You might then run your get_stock_price tool with {"ticker": "^GSPC"} as an input, and return the following back to the model in a subsequent user message:

[
  {
    "type": "tool_result",
    "tool_use_id": "toolu_01D7FLrfh4GYq7yT1ULFeyMV",
    "content": "259.75 USD"
  }
]

Tools can be used for workflows that include running client-side tools and functions, or more generally whenever you want the model to produce a particular JSON structure of output.

See Anthropic's guide for more details.

top_k
integer

Only sample from the top K options for each subsequent token.

Used to remove "long tail" low probability responses. Learn more technical details here.

Recommended for advanced use cases only. You usually only need to use temperature.

top_p
number

Use nucleus sampling.

In nucleus sampling, we compute the cumulative distribution over all the options for each subsequent token in decreasing probability order and cut it off once it reaches a particular probability specified by top_p. You should either alter temperature or top_p, but not both.

Recommended for advanced use cases only. You usually only need to use temperature.

Response

200 - application/json
id
string
required

Unique object identifier.

The format and length of IDs may change over time.

type
enum<string>
default: messagerequired

Object type.

For Messages, this is always "message".

Available options:
message
role
enum<string>
default: assistantrequired

Conversational role of the generated message.

This will always be "assistant".

Available options:
assistant
content
object[]
required

Content generated by the model.

This is an array of content blocks, each of which has a type that determines its shape.

Example:

[{"type": "text", "text": "Hi, I'm Claude."}]

If the request input messages ended with an assistant turn, then the response content will continue directly from that last turn. You can use this to constrain the model's output.

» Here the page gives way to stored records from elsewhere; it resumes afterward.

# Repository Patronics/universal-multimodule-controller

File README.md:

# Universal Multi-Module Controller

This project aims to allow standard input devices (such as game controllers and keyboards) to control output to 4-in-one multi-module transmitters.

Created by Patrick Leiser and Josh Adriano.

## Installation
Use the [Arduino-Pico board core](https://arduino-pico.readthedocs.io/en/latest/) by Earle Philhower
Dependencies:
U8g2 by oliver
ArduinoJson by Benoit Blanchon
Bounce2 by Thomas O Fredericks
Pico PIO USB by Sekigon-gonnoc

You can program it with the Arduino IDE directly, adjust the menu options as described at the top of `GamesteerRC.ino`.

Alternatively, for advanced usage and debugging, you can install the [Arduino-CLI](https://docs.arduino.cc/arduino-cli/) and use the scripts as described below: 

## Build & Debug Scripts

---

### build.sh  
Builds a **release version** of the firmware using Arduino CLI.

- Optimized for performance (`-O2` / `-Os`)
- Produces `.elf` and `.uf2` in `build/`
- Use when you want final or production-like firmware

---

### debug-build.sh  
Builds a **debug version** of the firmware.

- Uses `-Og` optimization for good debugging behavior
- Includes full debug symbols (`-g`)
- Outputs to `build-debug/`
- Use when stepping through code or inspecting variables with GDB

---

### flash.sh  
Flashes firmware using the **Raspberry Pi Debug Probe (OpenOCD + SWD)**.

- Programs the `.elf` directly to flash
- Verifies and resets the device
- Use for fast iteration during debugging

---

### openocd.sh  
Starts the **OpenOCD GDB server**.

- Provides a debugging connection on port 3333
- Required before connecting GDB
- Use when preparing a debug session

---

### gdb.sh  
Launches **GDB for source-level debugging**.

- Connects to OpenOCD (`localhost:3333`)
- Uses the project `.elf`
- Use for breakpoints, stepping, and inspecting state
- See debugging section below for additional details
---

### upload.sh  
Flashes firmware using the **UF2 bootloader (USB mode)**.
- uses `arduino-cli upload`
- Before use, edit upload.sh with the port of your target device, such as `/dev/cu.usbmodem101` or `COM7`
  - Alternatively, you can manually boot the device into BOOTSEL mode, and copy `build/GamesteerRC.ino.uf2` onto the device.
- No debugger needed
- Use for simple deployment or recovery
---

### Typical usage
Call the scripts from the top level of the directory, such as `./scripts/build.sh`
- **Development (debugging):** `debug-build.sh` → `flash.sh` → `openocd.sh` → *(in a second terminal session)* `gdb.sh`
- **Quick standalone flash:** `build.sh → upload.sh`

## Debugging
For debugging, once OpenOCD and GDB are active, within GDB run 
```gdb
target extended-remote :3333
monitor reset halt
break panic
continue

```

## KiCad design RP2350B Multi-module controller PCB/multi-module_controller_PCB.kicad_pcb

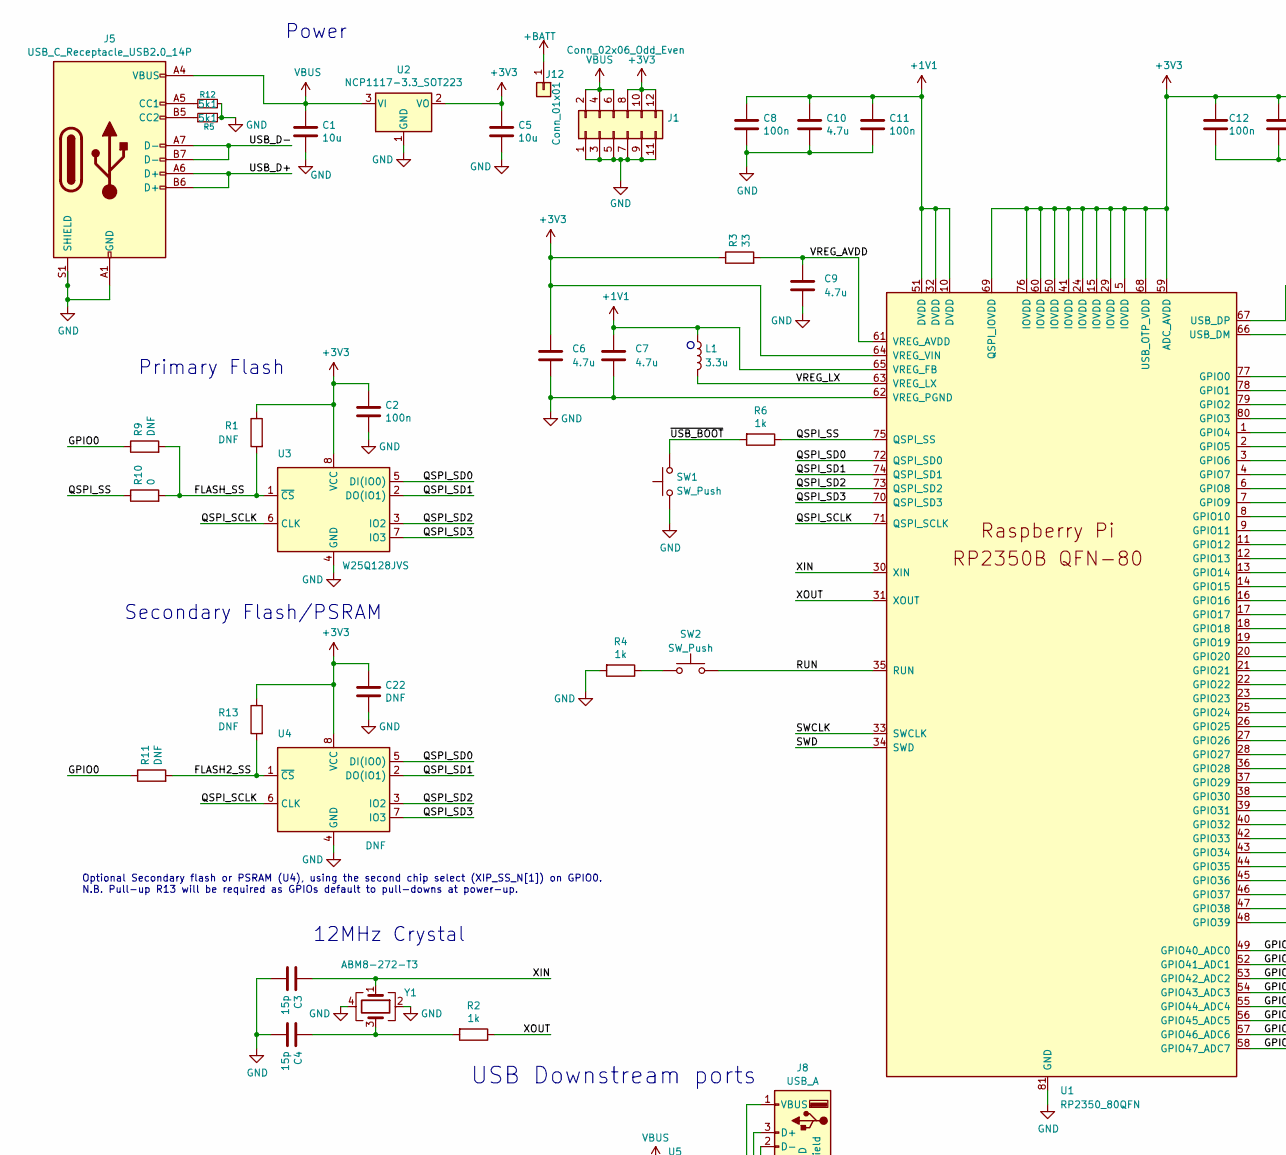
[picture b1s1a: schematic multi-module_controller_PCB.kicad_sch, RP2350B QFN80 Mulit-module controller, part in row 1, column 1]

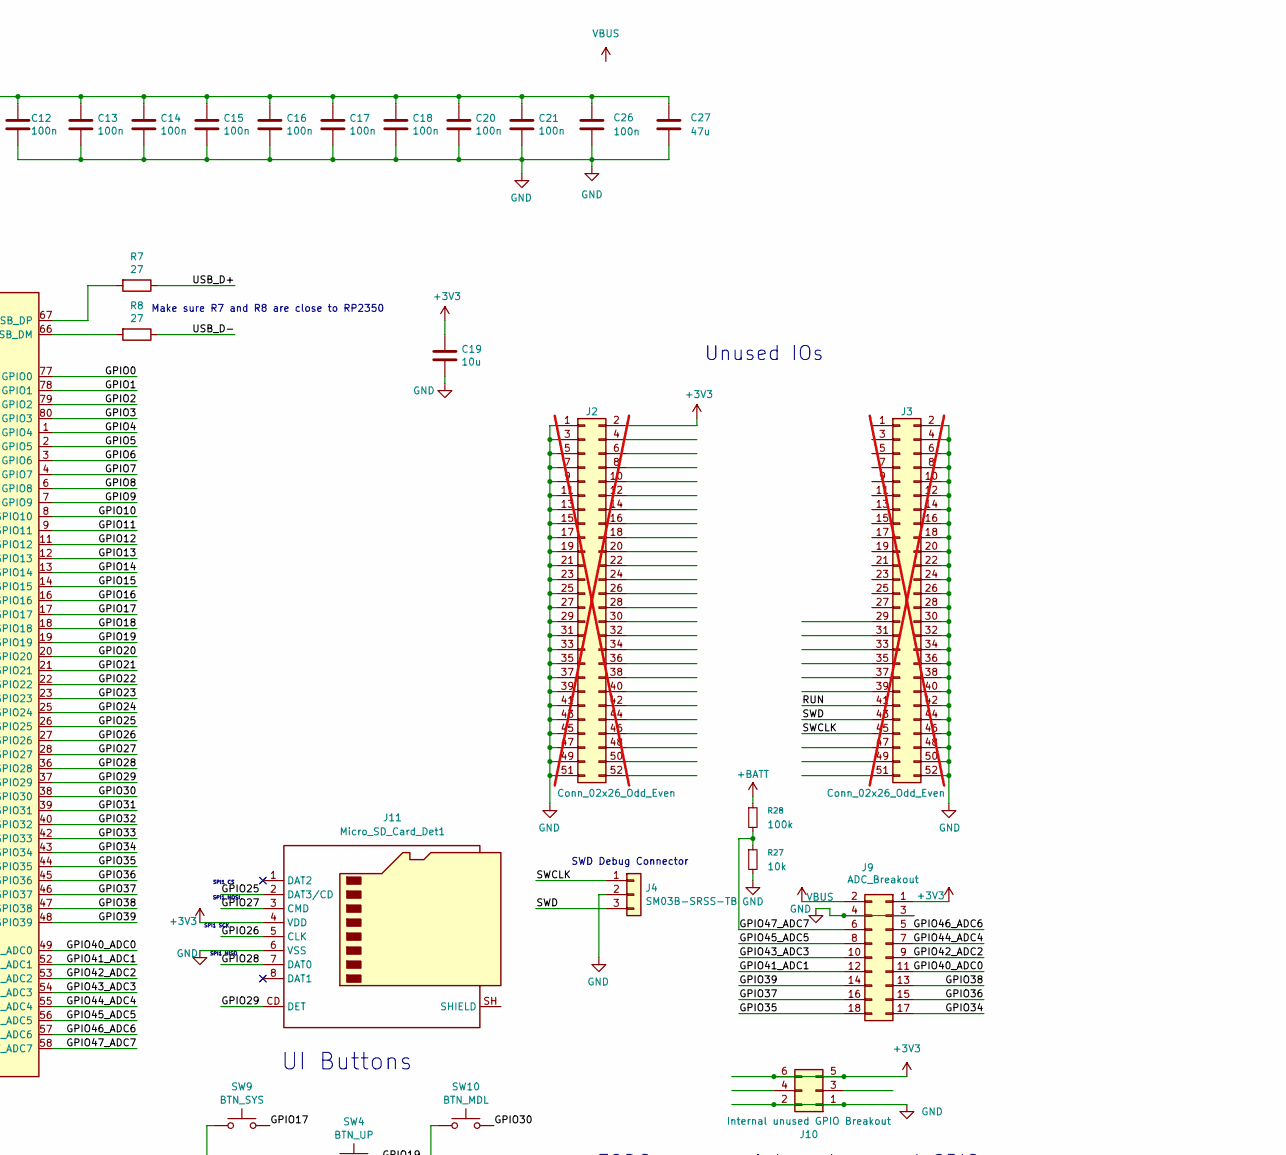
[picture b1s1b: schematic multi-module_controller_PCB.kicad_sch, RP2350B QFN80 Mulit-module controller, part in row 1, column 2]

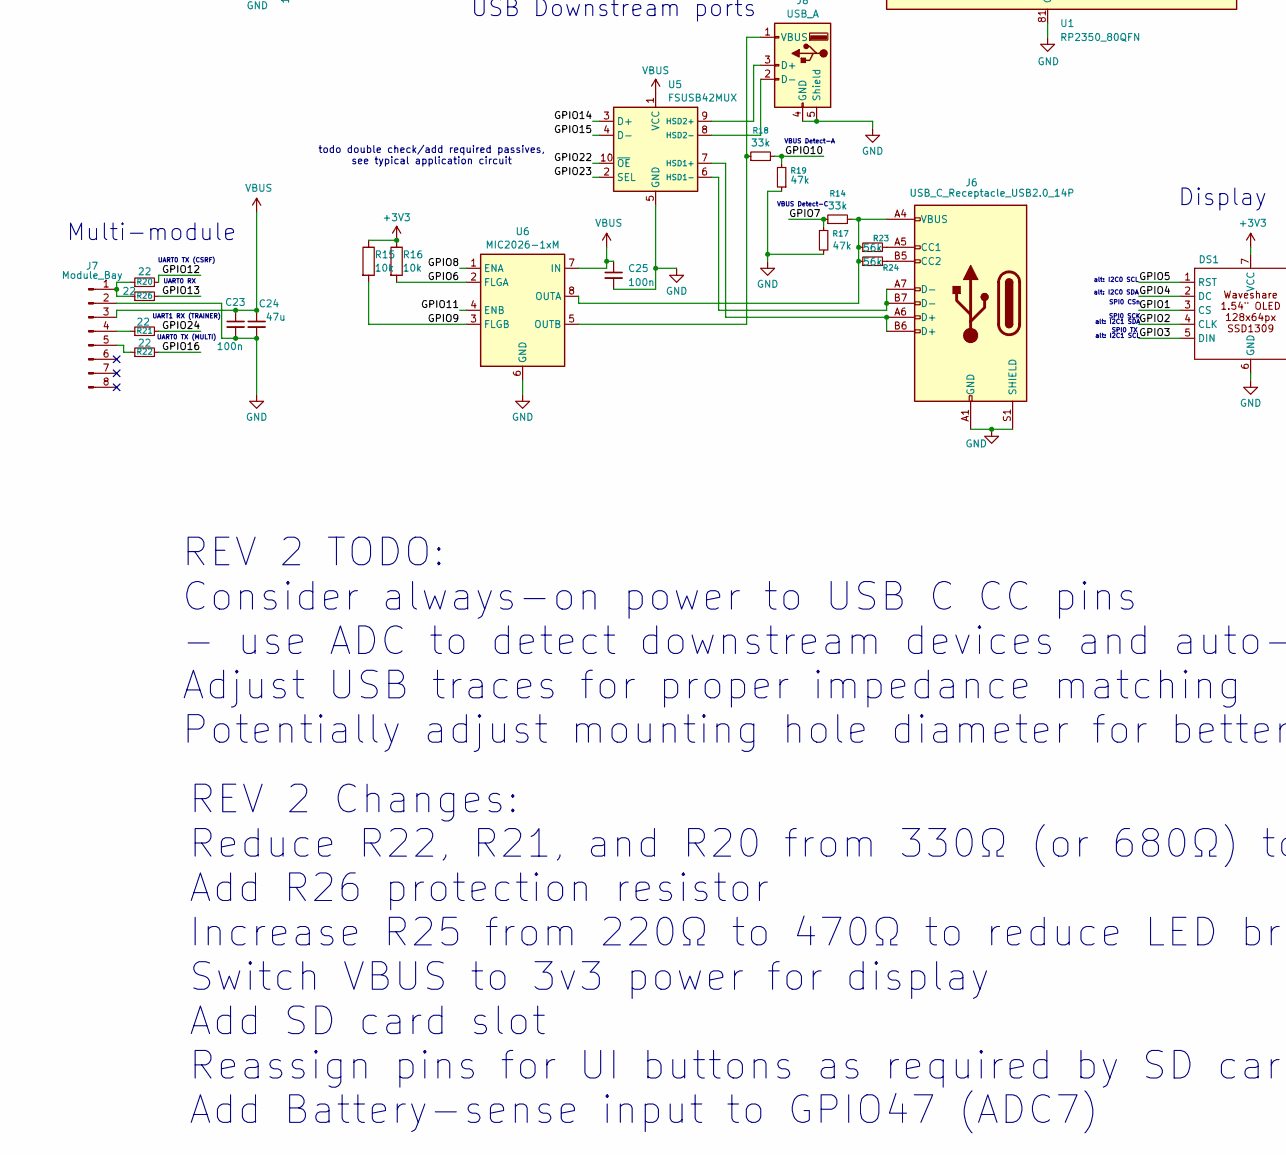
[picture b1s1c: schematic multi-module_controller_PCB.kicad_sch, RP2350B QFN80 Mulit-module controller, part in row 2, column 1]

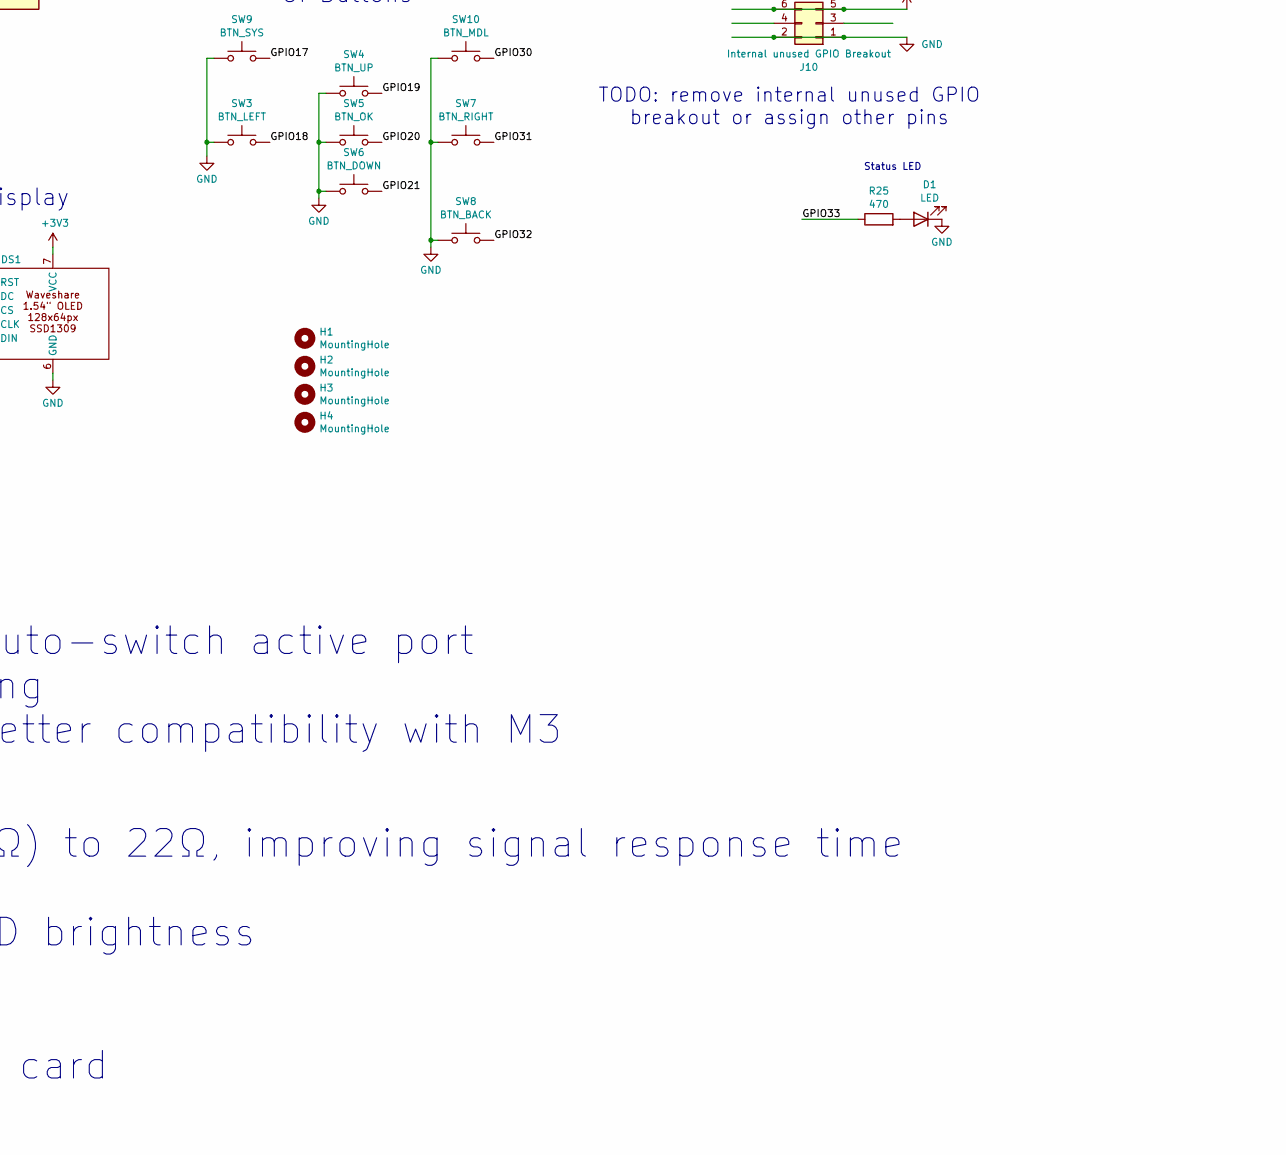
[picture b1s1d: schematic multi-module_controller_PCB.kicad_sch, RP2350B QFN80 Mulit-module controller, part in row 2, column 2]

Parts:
C1, C5, C19: 10u; C_0805_2012Metric; LCSC C15850
C2, C8, C11, C12, C13, C14, C15, C16, C17, C18, C20, C21, C23, C25: 100n; C_0402_1005Metric; LCSC C1525
C3, C4: 15p; C_0402_1005Metric; LCSC C7467172
C6, C7: 4.7u; C_0402_1005Metric_small_pads; LCSC C23733
C9, C10: 4.7u; C_0402_1005Metric; LCSC C23733
C22: DNF; C_0402_1005Metric
C24: 47u; C_1206_3216Metric; LCSC C16780
C26: 100n; C_0402_1005Metric
C27: 47u; C_1206_3216Metric
D1: LED; LED_0603_1608Metric; LCSC C7496818
DS1: Waveshare 1.54in OLED
H1, H2, H3, H4: MountingHole; MountingHole_3.2mm_M3
J1: Conn_02x06_Odd_Even; PinSocket_2x06_P2.54mm_Vertical
J2, J3: Conn_02x26_Odd_Even; PinHeader_2x26_P2.54mm_Vertical; not fitted
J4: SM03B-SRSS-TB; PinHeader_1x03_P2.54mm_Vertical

For example, if the input messages were:

[
  {"role": "user", "content": "What's the Greek name for Sun? (A) Sol (B) Helios (C) Sun"},
  {"role": "assistant", "content": "The best answer is ("}
]

Then the response content might be:

[{"type": "text", "text": "B)"}]
model
enum<string>
required

The model that will complete your prompt. See models for additional details and options.

Available options:
claude-3-5-sonnet-20240620,
claude-3-opus-20240229,
claude-3-sonnet-20240229,
claude-3-haiku-20240307
stop_reason
enum<string>
required

The reason that we stopped.

This may be one the following values:

  • "end_turn": the model reached a natural stopping point
  • "max_tokens": we exceeded the requested max_tokens or the model's maximum
  • "stop_sequence": one of your provided custom stop_sequences was generated
  • "tool_use": the model invoked one or more tools

In non-streaming mode this value is always non-null. In streaming mode, it is null in the message_start event and non-null otherwise.

Available options:
end_turn,
max_tokens,
stop_sequence,
tool_use
stop_sequence
string
required

Which custom stop sequence was generated, if any.

This value will be a non-null string if one of your custom stop sequences was generated.

usage
object
required

Input and output token counts, representing the underlying cost to our systems.

Under the hood, the API transforms requests into a format suitable for the model. The model's output then goes through a parsing stage before becoming an API response. As a result, the token counts in usage will not match one-to-one with the exact visible content of an API request or response.

For example, output_tokens will be non-zero, even for an empty string response from Claude.